Teach people to magnify their mind, not write code

Coding is not the new literacy:

When we say that coding is the new literacy, we’re arguing that wielding a pencil and paper is the old one. Coding, like writing, is a mechanical act. All we’ve done is upgrade the storage medium. Writing if statements and for loops is straightforward to teach people, but it doesn’t make them any more capable. Just like writing, we have to know how to solidify our thoughts and get them out of our head. In the case of programming though, if we manage to do that in a certain way, a computer can do more than just store them. It can compute with them.

That is, it’s not enough to write a loop in Ruby, a class in Java, or use a channel in Go. You’ve got to learn way more “material” than that: how to run your code in an application server, how to store rows in a database, how to deploy all your code to another machine. And then: how to have good taste, how to correct oversight, how to avoid bugs! And then, worst of all: knowing all the little miniutae like platform bugs, slow code paths, unstable code, dependency hell.

We shouldn’t put that upon people just because that’s how most programmers interact with computers. We should keep looking to help folks leverage systems as part of their work, not learn how to build systems to leverage systems to do their work.

Hence, the ending:

Alan Kay did a talk at OOPSLA in 1997 titled “The computer revolution hasn’t happened yet,” in which he argued that we haven’t realized the potential that computers can provide for us. Eighteen years later, I still agree with him – it hasn’t happened yet. And teaching people how to loop over a list won’t make it happen either. To realize the potential of computers, we have to focus on the fundamental skills that allow us to harness external computation. We have to create a new generation of tools that allow us to express our models without switching professions and a new generation of modelers who wield them.

We’ve succeeded in magnifying our voices with computers. I like forward to standing back and looking with wonder at how much we’ve magnified our minds.

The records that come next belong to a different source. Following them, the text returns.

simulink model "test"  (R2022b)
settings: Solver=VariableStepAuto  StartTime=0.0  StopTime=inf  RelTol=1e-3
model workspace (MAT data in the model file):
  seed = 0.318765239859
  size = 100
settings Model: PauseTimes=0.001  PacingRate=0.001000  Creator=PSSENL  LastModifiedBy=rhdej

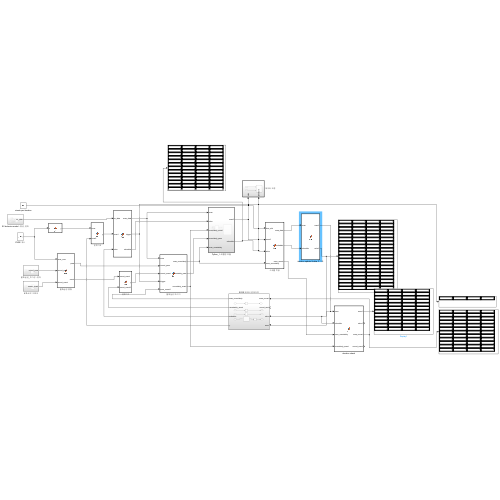
[thumbnail: Simulink's stored preview of the top-level diagram]
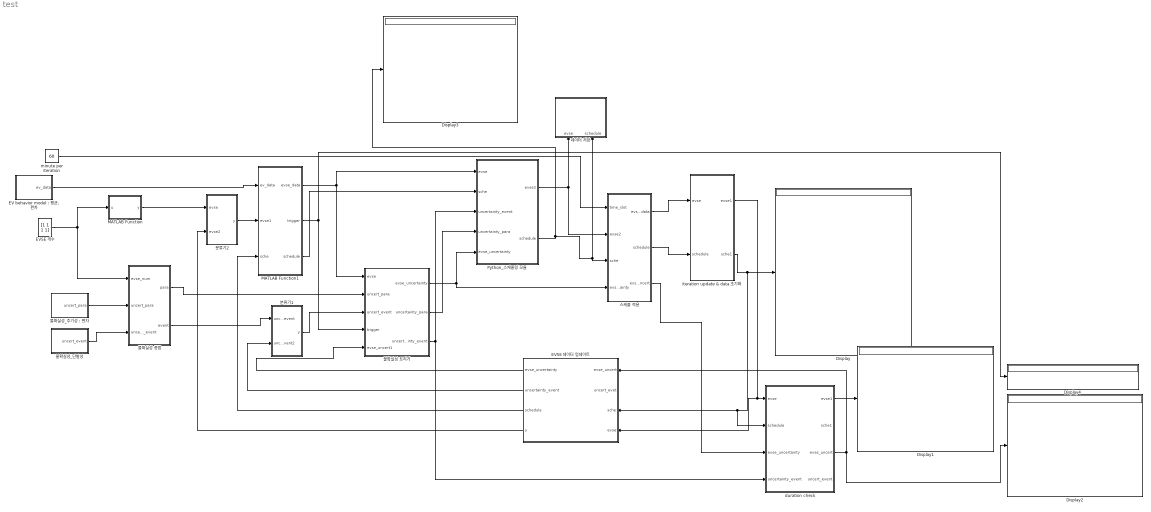
== system test ==
  Display{,1..4} (5 alike) : Display
  "EV behavior model : 평균, 편차" : Subsystem
  EVSE 개수 : Constant  Value=[1 1 1 1]
  EVSE 데이터 업데이트 : Subsystem
  MATLAB Function : MATLAB Function  TreatAsAtomicUnit=on
  MATLAB Function1 : MATLAB Function  TreatAsAtomicUnit=on
  Python_스케줄링 모듈 : Subsystem  TreatAsAtomicUnit=on
      settings: MinAlgLoopOccurrences=on
  duration check : MATLAB Function  TreatAsAtomicUnit=on
  iteration update & data 초기화 : MATLAB Function  TreatAsAtomicUnit=on
  minute per iteration : Constant  Value=60
  데이터 저장 : Subsystem  TreatAsAtomicUnit=on
      settings: MinAlgLoopOccurrences=on
  분류기1 : MATLAB Function  TreatAsAtomicUnit=on
  분류기2 : MATLAB Function  TreatAsAtomicUnit=on
  불확실성 종합 : MATLAB Function  TreatAsAtomicUnit=on
  불확실성 트리거 : MATLAB Function  TreatAsAtomicUnit=on
  불확실성_단발성 : Subsystem
  "불확실성_주기성 : 편차" : Subsystem
  스케줄 적용 : MATLAB Function  TreatAsAtomicUnit=on
  wires:
  EVSE 개수/1 -> 불확실성 종합/1(evse_num), MATLAB Function/1(u)
  분류기2/1(y) -> MATLAB Function1/2(evse1)
  MATLAB Function1/1(evse_data) -> 불확실성 트리거/1(evse), Python_스케줄링 모듈/1(evse)
  iteration update & data 초기화/2(sche1) -> duration check/2(schedule), EVSE 데이터 업데이트/3(sche), Display/1
  iteration update & data 초기화/1(evse1) -> EVSE 데이터 업데이트/4(evse), duration check/1(evse)
  MATLAB Function/1(y) -> 분류기2/1(evse)
  EVSE 데이터 업데이트/4(y) -> 분류기2/2(evse2)
  "EV behavior model : 평균, 편차"/1(ev_data) -> MATLAB Function1/1(ev_data)
  EVSE 데이터 업데이트/3(schedule) -> MATLAB Function1/3(sche)
  MATLAB Function1/3(schedule) -> Python_스케줄링 모듈/2(sche)
  Python_스케줄링 모듈/1(evse2) -> 데이터 저장/1(evse), 스케줄 적용/2(evse2)
  Python_스케줄링 모듈/2(schedule) -> 데이터 저장/2(schedule), 스케줄 적용/3(sche), Display3/1
  스케줄 적용/2(schedule) -> iteration update & data 초기화/2(schedule)
  스케줄 적용/1(evse_data) -> iteration update & data 초기화/1(evse)
  "불확실성_주기성 : 편차"/1(uncert_para) -> 불확실성 종합/2(uncert_para)
  불확실성_단발성/1(uncert_event) -> 불확실성 종합/3(uncert_event)
  불확실성 종합/1(para) -> 불확실성 트리거/2(uncert_para)
  불확실성 종합/2(event) -> 분류기1/1(uncert_event)
  MATLAB Function1/2(trigger) -> 불확실성 트리거/4(trigger), Display4/1
  불확실성 트리거/2(uncertainty_para) -> Python_스케줄링 모듈/4(uncertainty_para)
  minute per iteration/1 -> 스케줄 적용/1(time_slot)
  EVSE 데이터 업데이트/1(evse_uncertainty) -> 불확실성 트리거/5(evse_uncert1)
  EVSE 데이터 업데이트/2(uncertainty_event) -> 분류기1/2(uncert_event2)
  분류기1/1(y) -> 불확실성 트리거/3(uncert_event)
  스케줄 적용/3(evse_uncert) -> duration check/3(evse_uncertainty)
  duration check/1(evse1) -> Display1/1
  불확실성 트리거/3(uncertainty_event) -> Python_스케줄링 모듈/3(uncertainty_event), duration check/4(uncertainty_event)
  duration check/3(evse_uncert) -> Display2/1, EVSE 데이터 업데이트/1(evse_uncert)
  불확실성 트리거/1(evse_uncertainty) -> Python_스케줄링 모듈/5(evse_uncertainty), 스케줄 적용/4(evse_uncertainty)

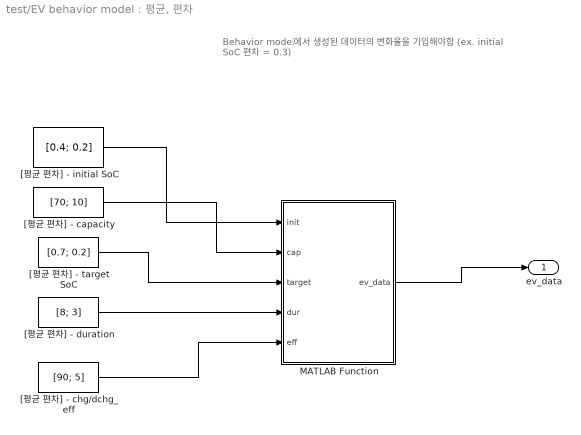
== system test/EV behavior model : 평균, 편차 ==
  note: Behavior model에서 생성된 데이터의 변화율을 기입해야함
      | (ex. initial SoC 편차 = 0.3)
  MATLAB Function : MATLAB Function  TreatAsAtomicUnit=on
  "[평균 편차] - capacity" : Constant  Value=[70; 10]
  "[평균 편차] - chg/dchg_eff" : Constant  Value=[90; 5]
  "[평균 편차] - duration" : Constant  Value=[8; 3]
  "[평균 편차] - initial SoC" : Constant  Value=[0.4; 0.2]
  "[평균 편차] - target SoC" : Constant  Value=[0.7; 0.2]
  ev_data : Outport
  wires:
  "[평균 편차] - initial SoC"/1 -> MATLAB Function/1(init)
  "[평균 편차] - capacity"/1 -> MATLAB Function/2(cap)
  "[평균 편차] - target SoC"/1 -> MATLAB Function/3(target)
  "[평균 편차] - duration"/1 -> MATLAB Function/4(dur)
  MATLAB Function/1(ev_data) -> ev_data/1
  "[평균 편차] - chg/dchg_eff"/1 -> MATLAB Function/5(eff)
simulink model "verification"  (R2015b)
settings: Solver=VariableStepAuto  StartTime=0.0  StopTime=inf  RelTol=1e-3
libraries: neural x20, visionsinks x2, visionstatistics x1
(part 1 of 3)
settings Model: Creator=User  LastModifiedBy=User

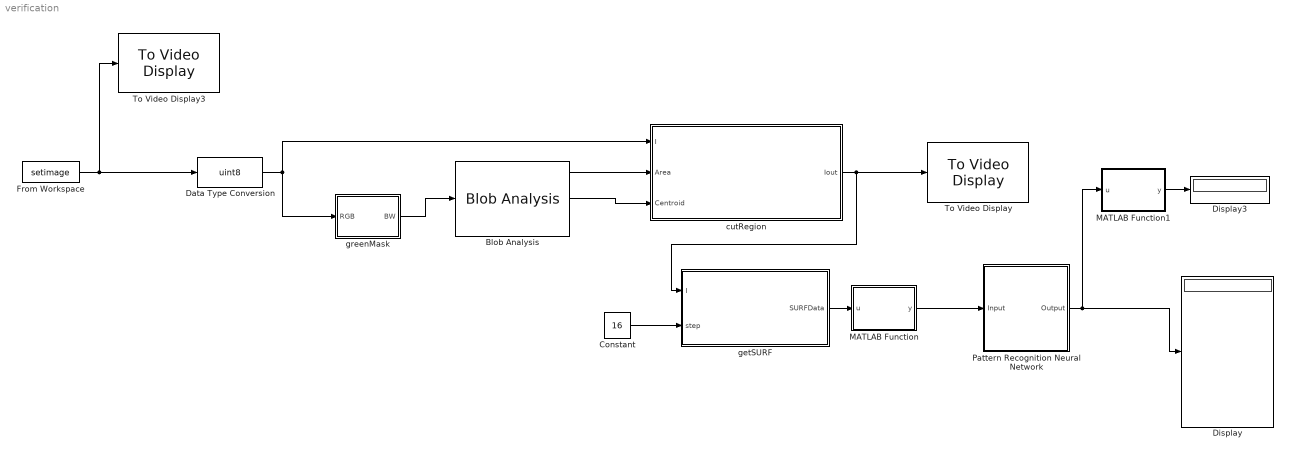
== system verification ==
  Blob Analysis : visionstatistics/Blob Analysis  Tag=vipblks_row_conv  area=on  centroid=on  bBox=on  majorAxis=off  minorAxis=off  angle=off  eccentricity=off  equivDiameterSq=off  extent=off  perimeter=off  maxBlobs=10  warnIfNumBlobsExceeded=on  isCount=off  useMinArea=off  minArea=0  useMaxArea=off  maxArea=intmax('uint32')  excludeBorderBlob=off  outDT=double  isOutVarDim=off  isFill=on  fillValues=-1  conn=8  isLabel=off  outputMode=Binary point scaling  outputWordLength=32  outputFracLength=16  firstCoeffMode=Binary point scaling  firstCoeffWordLength=16  firstCoeffFracLength=14  secondCoeffMode=Binary point scaling  secondCoeffWordLength=32  secondCoeffFracLength=16  accumMode=Binary point scaling  accumWordLength=32  accumFracLength=0  prodOutputMode=Binary point scaling  prodOutputWordLength=32  prodOutputFracLength=16  roundingMode=Floor  overflowMode=off
  Constant : Constant  Value=16
  Data Type Conversion : DataTypeConversion  OutDataTypeStr=uint8
  Display : Display
  Display3 : Display
  From Workspace : FromWorkspace  VariableName=setimage  SampleTime=2  Interpolate=off  OutputAfterFinalValue=Setting to zero
  MATLAB Function : MATLAB Function  TreatAsAtomicUnit=on
  MATLAB Function1 : MATLAB Function  TreatAsAtomicUnit=on
  Pattern Recognition Neural Network : Subsystem
      mask help: Pattern Recognition Neural Network
      mask Display: e = 0.06;c1 = [120 150 230]/255;c2 = ([120 150 230]+0)/383;c3 = ([120 150 230]+128)/383;patch([0 1 1 0],[0 0 1 1],c1);patch([0 1 1 1-e 1-e 0+e],[0 0 1 1-e 0+e 0+e],c2);patch([0 0 1 1-e 0+e 0+e],[0 1 1 1-e 1-e 0+e],c3);plot([0 1 1 0 0],[0 0 1 1 0]);fprintf('NNET');port_label('input',1,' Input');port_label('output',1,'Output ');
  To Video Display : visionsinks/To Video Display  windowSizeMode=Normal  openAtMdlStart=on  fullScreen=off  videoWindowX=1478  videoWindowY=273  saveWindowSize=off  videoWindowWidth=160  videoWindowHeight=160  inputColorFormat=RGB  inputType=Obsolete  imagePorts=One multidimensional signal  OutputDevice=On-screen video monitor  dataOrg=Column-major  isWindowOpen=off
  To Video Display3 : visionsinks/To Video Display  windowSizeMode=Normal  openAtMdlStart=on  fullScreen=off  videoWindowX=536805376  videoWindowY=536805376  saveWindowSize=off  videoWindowWidth=2147483647  videoWindowHeight=2147483647  inputColorFormat=RGB  inputType=Obsolete  imagePorts=One multidimensional signal  OutputDevice=On-screen video monitor  dataOrg=Column-major  isWindowOpen=off
  cutRegion : MATLAB Function  TreatAsAtomicUnit=on
  getSURF : MATLAB Function  TreatAsAtomicUnit=on
  greenMask : MATLAB Function  TreatAsAtomicUnit=on
  wires:
  greenMask/1(BW) -> Blob Analysis/1
  Blob Analysis/2 -> cutRegion/3(Centroid)
  Blob Analysis/1 -> cutRegion/2(Area)
  Constant/1 -> getSURF/2(step)
  cutRegion/1(Iout) -> To Video Display/1, getSURF/1(I)
  Data Type Conversion/1 -> cutRegion/1(I), greenMask/1(RGB)
  getSURF/1(SURFData) -> MATLAB Function/1(u)
  MATLAB Function/1(y) -> Pattern Recognition Neural Network/1(Input)
  From Workspace/1 -> To Video Display3/1, Data Type Conversion/1
  Pattern Recognition Neural Network/1(Output) -> MATLAB Function1/1(u), Display/1
  MATLAB Function1/1(y) -> Display3/1

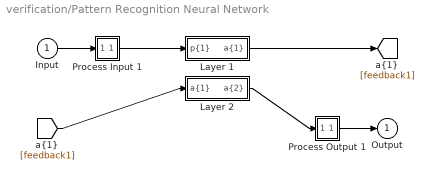
== system verification/Pattern Recognition Neural Network ==
  Input : Inport  PortDimensions=349
      mask Display: e = 0.06;c1 = [120 230 180]/255;c2 = ([120 230 180]+0)/(256+128);c3 = ([120 230 180]+128)/(256+128);patch([0 1 1 0],[0 0 1 1],c1);patch([0 1 1 1-e 1-e 0+e],[0 0 1 1-e 0+e 0+e],c2);patch([0 0 1 1-e 0+e 0+e],[0 1 1 1-e 1-e 0+e],c3);plot([0 1 1 0 0],[0 0 1 1 0]);
  Layer 1 : Subsystem
      mask Display: e = 0.06;c1 = [120 150 230]/255;c2 = ([120 150 230]+0)/383;c3 = ([120 150 230]+128)/383;patch([0 1 1 0],[0 0 1 1],c1);patch([0 1 1 1-e 1-e 0+e],[0 0 1 1-e 0+e 0+e],c2);patch([0 0 1 1-e 0+e 0+e],[0 1 1 1-e 1-e 0+e],c3);plot([0 1 1 0 0],[0 0 1 1 0]);
  Layer 2 : Subsystem
      mask Display: e = 0.06;c1 = [120 150 230]/255;c2 = ([120 150 230]+0)/383;c3 = ([120 150 230]+128)/383;patch([0 1 1 0],[0 0 1 1],c1);patch([0 1 1 1-e 1-e 0+e],[0 0 1 1-e 0+e 0+e],c2);patch([0 0 1 1-e 0+e 0+e],[0 1 1 1-e 1-e 0+e],c3);plot([0 1 1 0 0],[0 0 1 1 0]);
  Process Input 1 : Subsystem
      mask Display: e = 0.06;c1 = [120 150 230]/255;c2 = ([120 150 230]+0)/383;c3 = ([120 150 230]+128)/383;patch([0 1 1 0],[0 0 1 1],c1);patch([0 1 1 1-e 1-e 0+e],[0 0 1 1-e 0+e 0+e],c2);patch([0 0 1 1-e 0+e 0+e],[0 1 1 1-e 1-e 0+e],c3);plot([0 1 1 0 0],[0 0 1 1 0]);
  Process Output 1 : Subsystem
      mask Display: e = 0.06;c1 = [120 150 230]/255;c2 = ([120 150 230]+0)/383;c3 = ([120 150 230]+128)/383;patch([0 1 1 0],[0 0 1 1],c1);patch([0 1 1 1-e 1-e 0+e],[0 0 1 1-e 0+e 0+e],c2);patch([0 0 1 1-e 0+e 0+e],[0 1 1 1-e 1-e 0+e],c3);plot([0 1 1 0 0],[0 0 1 1 0]);
  Output : Outport  InitialOutput=[0;0;0;0;0;0;0]
      mask Display: e = 0.06;c1 = [120 230 180]/255;c2 = ([120 230 180]+0)/(256+128);c3 = ([120 230 180]+128)/(256+128);patch([0 1 1 0],[0 0 1 1],c1);patch([0 1 1 1-e 1-e 0+e],[0 0 1 1-e 0+e 0+e],c2);patch([0 0 1 1-e 0+e 0+e],[0 1 1 1-e 1-e 0+e],c3);plot([0 1 1 0 0],[0 0 1 1 0]);
  wires:
  Input/1 -> Process Input 1/1(x)
  Process Output 1/1(y) -> Output/1
  Process Input 1/1(p) -> Layer 1/1("p{1}")
  Layer 1/1("a{1}") -> [feedback1]
  [feedback1] -> Layer 2/1("a{1} ")
  Layer 2/1("a{2}") -> Process Output 1/1(a)

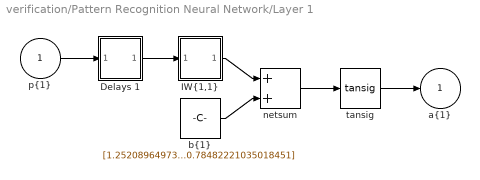
== system verification/Pattern Recognition Neural Network/Layer 1 ==
  "p{1}" : Inport  PortDimensions=349
      mask Display: e = 0.06;c1 = [120 230 180]/255;c2 = ([120 230 180]+0)/(256+128);c3 = ([120 230 180]+128)/(256+128);patch([0 1 1 0],[0 0 1 1],c1);patch([0 1 1 1-e 1-e 0+e],[0 0 1 1-e 0+e 0+e],c2);patch([0 0 1 1-e 0+e 0+e],[0 1 1 1-e 1-e 0+e],c3);plot([0 1 1 0 0],[0 0 1 1 0]);
  Delays 1 : Subsystem
      mask Display: e = 0.06;c1 = [120 150 230]/255;c2 = ([120 150 230]+0)/383;c3 = ([120 150 230]+128)/383;patch([0 1 1 0],[0 0 1 1],c1);patch([0 1 1 1-e 1-e 0+e],[0 0 1 1-e 0+e 0+e],c2);patch([0 0 1 1-e 0+e 0+e],[0 1 1 1-e 1-e 0+e],c3);plot([0 1 1 0 0],[0 0 1 1 0]);disp('0');
  "IW{1,1}" : Subsystem
      mask Display: e = 0.06;c1 = [120 150 230]/255;c2 = ([120 150 230]+0)/383;c3 = ([120 150 230]+128)/383;patch([0 1 1 0],[0 0 1 1],c1);patch([0 1 1 1-e 1-e 0+e],[0 0 1 1-e 0+e 0+e],c2);patch([0 0 1 1-e 0+e 0+e],[0 1 1 1-e 1-e 0+e],c3);plot([0 1 1 0 0],[0 0 1 1 0]);disp('W');
  "b{1}" : Constant  Value=[1.2520896497359288;-0.92281616914926501;-1.5755720804159823;-0.48231286693993536;0.032429505453323522;-0.10257136982966432;0.079130367651085678;0.67536543039361374;0.53417313742188333;0.78482221035018451]
      mask Display: e = 0.06;c1 = [120 150 230]/255;c2 = ([120 150 230]+0)/383;c3 = ([120 150 230]+128)/383;patch([0 1 1 0],[0 0 1 1],c1);patch([0 1 1 1-e 1-e 0+e],[0 0 1 1-e 0+e 0+e],c2);patch([0 0 1 1-e 0+e 0+e],[0 1 1 1-e 1-e 0+e],c3);plot([0 1 1 0 0],[0 0 1 1 0]);disp('b');
  netsum : Sum  Inputs=2  SaturateOnIntegerOverflow=on  InputSameDT=on  OutDataTypeStr=Inherit: Same as first input
      mask Display: e = 0.06;c1 = [120 150 230]/255;c2 = ([120 150 230]+0)/383;c3 = ([120 150 230]+128)/383;patch([0 1 1 0],[0 0 1 1],c1);patch([0 1 1 1-e 1-e 0+e],[0 0 1 1-e 0+e 0+e],c2);patch([0 0 1 1-e 0+e 0+e],[0 1 1 1-e 1-e 0+e],c3);plot([0 1 1 0 0],[0 0 1 1 0]);disp('+');
  tansig : neural/Transfer Functions/tansig
  "a{1}" : Outport  InitialOutput=[0;0;0;0;0;0;0;0;0;0]
      mask Display: e = 0.06;c1 = [120 230 180]/255;c2 = ([120 230 180]+0)/(256+128);c3 = ([120 230 180]+128)/(256+128);patch([0 1 1 0],[0 0 1 1],c1);patch([0 1 1 1-e 1-e 0+e],[0 0 1 1-e 0+e 0+e],c2);patch([0 0 1 1-e 0+e 0+e],[0 1 1 1-e 1-e 0+e],c3);plot([0 1 1 0 0],[0 0 1 1 0]);
  wires:
  "p{1}"/1 -> Delays 1/1("p{1}")
  Delays 1/1("pd{1,1}") -> "IW{1,1}"/1("pd{1,1}")
  "IW{1,1}"/1("iz{1,1}") -> netsum/1
  "b{1}"/1 -> netsum/2
  netsum/1 -> tansig/1
  tansig/1 -> "a{1}"/1

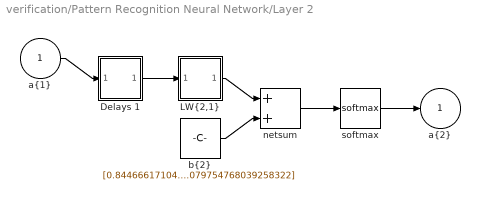
== system verification/Pattern Recognition Neural Network/Layer 2 ==
  "a{1} " : Inport  PortDimensions=10
      mask Display: e = 0.06;c1 = [120 230 180]/255;c2 = ([120 230 180]+0)/(256+128);c3 = ([120 230 180]+128)/(256+128);patch([0 1 1 0],[0 0 1 1],c1);patch([0 1 1 1-e 1-e 0+e],[0 0 1 1-e 0+e 0+e],c2);patch([0 0 1 1-e 0+e 0+e],[0 1 1 1-e 1-e 0+e],c3);plot([0 1 1 0 0],[0 0 1 1 0]);
  Delays 1 : Subsystem
      mask Display: e = 0.06;c1 = [120 150 230]/255;c2 = ([120 150 230]+0)/383;c3 = ([120 150 230]+128)/383;patch([0 1 1 0],[0 0 1 1],c1);patch([0 1 1 1-e 1-e 0+e],[0 0 1 1-e 0+e 0+e],c2);patch([0 0 1 1-e 0+e 0+e],[0 1 1 1-e 1-e 0+e],c3);plot([0 1 1 0 0],[0 0 1 1 0]);disp('0');
  "LW{2,1}" : Subsystem
      mask Display: e = 0.06;c1 = [120 150 230]/255;c2 = ([120 150 230]+0)/383;c3 = ([120 150 230]+128)/383;patch([0 1 1 0],[0 0 1 1],c1);patch([0 1 1 1-e 1-e 0+e],[0 0 1 1-e 0+e 0+e],c2);patch([0 0 1 1-e 0+e 0+e],[0 1 1 1-e 1-e 0+e],c3);plot([0 1 1 0 0],[0 0 1 1 0]);disp('W');
  "b{2}" : Constant  Value=[0.8446661710451735;-0.96183712929880982;0.74210025390233625;0.16753901818095251;-0.54254157655283242;-0.63817454211815539;-0.079754768039258322]
      mask Display: e = 0.06;c1 = [120 150 230]/255;c2 = ([120 150 230]+0)/383;c3 = ([120 150 230]+128)/383;patch([0 1 1 0],[0 0 1 1],c1);patch([0 1 1 1-e 1-e 0+e],[0 0 1 1-e 0+e 0+e],c2);patch([0 0 1 1-e 0+e 0+e],[0 1 1 1-e 1-e 0+e],c3);plot([0 1 1 0 0],[0 0 1 1 0]);disp('b');
  netsum : Sum  Inputs=2  SaturateOnIntegerOverflow=on  InputSameDT=on  OutDataTypeStr=Inherit: Same as first input
      mask Display: e = 0.06;c1 = [120 150 230]/255;c2 = ([120 150 230]+0)/383;c3 = ([120 150 230]+128)/383;patch([0 1 1 0],[0 0 1 1],c1);patch([0 1 1 1-e 1-e 0+e],[0 0 1 1-e 0+e 0+e],c2);patch([0 0 1 1-e 0+e 0+e],[0 1 1 1-e 1-e 0+e],c3);plot([0 1 1 0 0],[0 0 1 1 0]);disp('+');
  softmax : neural/Transfer Functions/softmax
  "a{2}" : Outport  InitialOutput=[0;0;0;0;0;0;0]
      mask Display: e = 0.06;c1 = [120 230 180]/255;c2 = ([120 230 180]+0)/(256+128);c3 = ([120 230 180]+128)/(256+128);patch([0 1 1 0],[0 0 1 1],c1);patch([0 1 1 1-e 1-e 0+e],[0 0 1 1-e 0+e 0+e],c2);patch([0 0 1 1-e 0+e 0+e],[0 1 1 1-e 1-e 0+e],c3);plot([0 1 1 0 0],[0 0 1 1 0]);
  wires:
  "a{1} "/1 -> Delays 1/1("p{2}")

When software loses its hair

Software’s Receding Hairline:

This is interesting, because the mechanism of growing a comb-over applies to software development. A comb-over is the accumulation of years of deciding that today is not the day to change things. A comb-over is the result of years of procrastination, years of decisions that seem right when you’re in a hurry to get ready for work but in retrospect one of those days should have included a trip to the barber and a bold decision to accept your baldness or take some other action as you saw fit.

A comb-over is a local maximum for improving baldness. You can’t really escape baldness of your head. You can escape a local maximum in your software, if you’re thoughtful about managing tradeoffs between product progress and technical progress.

It would have been better if you hadn’t gone bald in the first place though. Same with software!

(Analogies are just great. Thanks for this one, Reginald.)